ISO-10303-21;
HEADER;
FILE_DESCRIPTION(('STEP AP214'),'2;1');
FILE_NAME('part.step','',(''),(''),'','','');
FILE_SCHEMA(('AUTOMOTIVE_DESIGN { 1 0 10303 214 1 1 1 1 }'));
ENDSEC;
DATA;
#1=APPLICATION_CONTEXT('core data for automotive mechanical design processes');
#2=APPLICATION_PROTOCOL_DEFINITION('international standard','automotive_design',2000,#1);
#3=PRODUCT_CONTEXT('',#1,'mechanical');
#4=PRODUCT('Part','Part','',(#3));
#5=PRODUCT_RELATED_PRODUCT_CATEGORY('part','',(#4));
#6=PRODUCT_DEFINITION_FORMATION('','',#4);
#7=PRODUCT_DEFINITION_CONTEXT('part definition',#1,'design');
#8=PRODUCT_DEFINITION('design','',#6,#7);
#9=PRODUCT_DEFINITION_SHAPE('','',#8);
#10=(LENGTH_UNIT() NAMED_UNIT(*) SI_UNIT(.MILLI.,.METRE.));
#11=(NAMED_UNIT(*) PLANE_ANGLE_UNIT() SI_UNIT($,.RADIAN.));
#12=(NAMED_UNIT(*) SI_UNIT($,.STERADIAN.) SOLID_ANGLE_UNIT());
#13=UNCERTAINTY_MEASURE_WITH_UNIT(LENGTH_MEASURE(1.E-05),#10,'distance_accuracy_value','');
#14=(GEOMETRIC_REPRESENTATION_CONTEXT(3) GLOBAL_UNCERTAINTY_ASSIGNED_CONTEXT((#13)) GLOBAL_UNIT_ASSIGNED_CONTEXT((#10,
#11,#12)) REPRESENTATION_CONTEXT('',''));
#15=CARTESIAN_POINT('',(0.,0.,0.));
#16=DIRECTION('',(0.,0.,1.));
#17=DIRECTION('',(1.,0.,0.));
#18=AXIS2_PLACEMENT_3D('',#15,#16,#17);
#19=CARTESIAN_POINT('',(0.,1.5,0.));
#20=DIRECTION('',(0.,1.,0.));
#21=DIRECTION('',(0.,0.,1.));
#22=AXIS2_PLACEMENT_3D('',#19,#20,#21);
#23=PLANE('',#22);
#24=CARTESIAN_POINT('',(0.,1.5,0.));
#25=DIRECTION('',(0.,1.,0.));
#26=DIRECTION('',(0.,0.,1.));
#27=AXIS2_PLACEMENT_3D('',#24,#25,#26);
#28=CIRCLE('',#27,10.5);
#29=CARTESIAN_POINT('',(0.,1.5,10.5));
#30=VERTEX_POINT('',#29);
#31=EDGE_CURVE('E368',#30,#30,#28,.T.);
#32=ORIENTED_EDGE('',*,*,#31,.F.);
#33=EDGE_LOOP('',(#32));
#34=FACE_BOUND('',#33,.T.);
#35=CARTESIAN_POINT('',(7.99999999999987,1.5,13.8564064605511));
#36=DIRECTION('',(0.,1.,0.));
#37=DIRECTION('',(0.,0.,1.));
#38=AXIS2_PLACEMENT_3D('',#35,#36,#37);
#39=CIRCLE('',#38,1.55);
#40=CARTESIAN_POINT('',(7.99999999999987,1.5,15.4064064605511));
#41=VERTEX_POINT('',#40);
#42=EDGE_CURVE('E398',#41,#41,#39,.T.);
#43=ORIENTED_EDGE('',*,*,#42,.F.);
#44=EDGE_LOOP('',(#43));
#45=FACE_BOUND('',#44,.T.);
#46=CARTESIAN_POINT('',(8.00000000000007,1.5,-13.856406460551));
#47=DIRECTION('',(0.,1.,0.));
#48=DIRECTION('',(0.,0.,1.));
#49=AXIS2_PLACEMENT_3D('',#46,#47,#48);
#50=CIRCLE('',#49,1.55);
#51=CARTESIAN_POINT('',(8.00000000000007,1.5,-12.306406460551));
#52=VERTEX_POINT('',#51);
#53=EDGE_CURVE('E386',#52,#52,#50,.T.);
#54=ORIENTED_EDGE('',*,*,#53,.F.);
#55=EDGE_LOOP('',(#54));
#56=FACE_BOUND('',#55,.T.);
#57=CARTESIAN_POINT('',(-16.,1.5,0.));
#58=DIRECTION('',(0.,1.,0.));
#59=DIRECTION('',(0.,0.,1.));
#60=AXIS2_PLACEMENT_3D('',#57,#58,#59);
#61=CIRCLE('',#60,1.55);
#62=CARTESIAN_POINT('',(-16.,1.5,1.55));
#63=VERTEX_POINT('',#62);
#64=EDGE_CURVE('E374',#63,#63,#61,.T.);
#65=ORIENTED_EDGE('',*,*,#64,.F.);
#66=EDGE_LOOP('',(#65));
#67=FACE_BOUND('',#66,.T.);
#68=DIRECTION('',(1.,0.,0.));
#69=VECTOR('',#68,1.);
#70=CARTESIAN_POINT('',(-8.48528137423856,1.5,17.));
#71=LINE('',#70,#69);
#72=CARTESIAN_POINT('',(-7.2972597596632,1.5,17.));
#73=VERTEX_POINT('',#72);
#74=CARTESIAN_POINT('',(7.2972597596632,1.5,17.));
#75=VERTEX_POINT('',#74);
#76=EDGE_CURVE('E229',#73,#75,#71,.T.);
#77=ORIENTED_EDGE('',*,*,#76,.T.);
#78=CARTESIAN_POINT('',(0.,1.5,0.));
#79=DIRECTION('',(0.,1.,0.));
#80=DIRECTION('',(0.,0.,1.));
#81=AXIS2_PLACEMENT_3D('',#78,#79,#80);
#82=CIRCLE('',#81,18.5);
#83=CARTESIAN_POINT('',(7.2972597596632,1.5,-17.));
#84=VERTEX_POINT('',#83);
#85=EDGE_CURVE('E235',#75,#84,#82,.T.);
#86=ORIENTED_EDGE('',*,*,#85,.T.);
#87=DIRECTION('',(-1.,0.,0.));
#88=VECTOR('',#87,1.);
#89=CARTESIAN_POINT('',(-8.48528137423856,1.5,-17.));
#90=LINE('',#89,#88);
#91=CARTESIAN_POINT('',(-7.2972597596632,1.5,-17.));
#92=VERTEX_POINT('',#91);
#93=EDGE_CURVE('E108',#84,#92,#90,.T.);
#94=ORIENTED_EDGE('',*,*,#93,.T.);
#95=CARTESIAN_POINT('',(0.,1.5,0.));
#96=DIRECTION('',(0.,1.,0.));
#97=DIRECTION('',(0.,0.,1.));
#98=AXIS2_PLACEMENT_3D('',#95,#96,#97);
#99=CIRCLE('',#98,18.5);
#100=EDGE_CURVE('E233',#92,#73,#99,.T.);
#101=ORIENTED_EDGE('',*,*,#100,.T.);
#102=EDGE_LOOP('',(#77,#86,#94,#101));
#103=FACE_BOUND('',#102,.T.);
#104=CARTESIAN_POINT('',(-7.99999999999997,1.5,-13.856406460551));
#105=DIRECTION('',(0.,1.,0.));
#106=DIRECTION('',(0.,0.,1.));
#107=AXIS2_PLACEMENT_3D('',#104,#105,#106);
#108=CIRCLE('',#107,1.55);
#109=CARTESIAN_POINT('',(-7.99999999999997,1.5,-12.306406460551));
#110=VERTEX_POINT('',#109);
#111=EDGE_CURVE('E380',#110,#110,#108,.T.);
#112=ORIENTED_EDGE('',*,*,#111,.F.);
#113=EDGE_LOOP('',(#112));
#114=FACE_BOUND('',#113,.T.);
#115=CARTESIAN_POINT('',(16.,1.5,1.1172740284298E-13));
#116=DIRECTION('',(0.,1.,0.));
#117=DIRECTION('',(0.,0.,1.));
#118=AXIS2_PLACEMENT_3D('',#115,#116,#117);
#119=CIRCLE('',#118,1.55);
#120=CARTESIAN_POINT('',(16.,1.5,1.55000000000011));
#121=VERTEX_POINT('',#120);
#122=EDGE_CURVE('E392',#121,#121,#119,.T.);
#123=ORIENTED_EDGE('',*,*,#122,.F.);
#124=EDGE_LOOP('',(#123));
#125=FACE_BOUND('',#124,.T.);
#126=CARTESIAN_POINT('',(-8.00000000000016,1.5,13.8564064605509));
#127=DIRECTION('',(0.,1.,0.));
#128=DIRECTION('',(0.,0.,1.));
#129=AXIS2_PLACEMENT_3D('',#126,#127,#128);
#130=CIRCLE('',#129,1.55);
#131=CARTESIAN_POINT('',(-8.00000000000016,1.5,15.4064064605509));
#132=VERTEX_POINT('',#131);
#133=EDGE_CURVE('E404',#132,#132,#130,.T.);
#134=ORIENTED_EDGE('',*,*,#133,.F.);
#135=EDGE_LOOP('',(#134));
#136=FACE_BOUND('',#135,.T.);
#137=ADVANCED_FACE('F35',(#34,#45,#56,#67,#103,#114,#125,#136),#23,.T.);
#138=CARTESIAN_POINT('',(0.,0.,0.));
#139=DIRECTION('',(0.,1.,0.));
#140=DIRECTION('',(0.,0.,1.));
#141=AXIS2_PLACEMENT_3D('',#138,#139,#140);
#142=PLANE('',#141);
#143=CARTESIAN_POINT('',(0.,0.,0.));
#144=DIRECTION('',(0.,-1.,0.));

****************

**ABOUT THIS TASK:** Restate precisely, and with nothing added, the lines from the one with "#123=ORIENTED_EDGE('',*,*,#122,.F.);" through the final line of the material.

**REPLY TO THE EXERCISE:**
#123=ORIENTED_EDGE('',*,*,#122,.F.);
#124=EDGE_LOOP('',(#123));
#125=FACE_BOUND('',#124,.T.);
#126=CARTESIAN_POINT('',(-8.00000000000016,1.5,13.8564064605509));
#127=DIRECTION('',(0.,1.,0.));
#128=DIRECTION('',(0.,0.,1.));
#129=AXIS2_PLACEMENT_3D('',#126,#127,#128);
#130=CIRCLE('',#129,1.55);
#131=CARTESIAN_POINT('',(-8.00000000000016,1.5,15.4064064605509));
#132=VERTEX_POINT('',#131);
#133=EDGE_CURVE('E404',#132,#132,#130,.T.);
#134=ORIENTED_EDGE('',*,*,#133,.F.);
#135=EDGE_LOOP('',(#134));
#136=FACE_BOUND('',#135,.T.);
#137=ADVANCED_FACE('F35',(#34,#45,#56,#67,#103,#114,#125,#136),#23,.T.);
#138=CARTESIAN_POINT('',(0.,0.,0.));
#139=DIRECTION('',(0.,1.,0.));
#140=DIRECTION('',(0.,0.,1.));
#141=AXIS2_PLACEMENT_3D('',#138,#139,#140);
#142=PLANE('',#141);
#143=CARTESIAN_POINT('',(0.,0.,0.));
#144=DIRECTION('',(0.,-1.,0.));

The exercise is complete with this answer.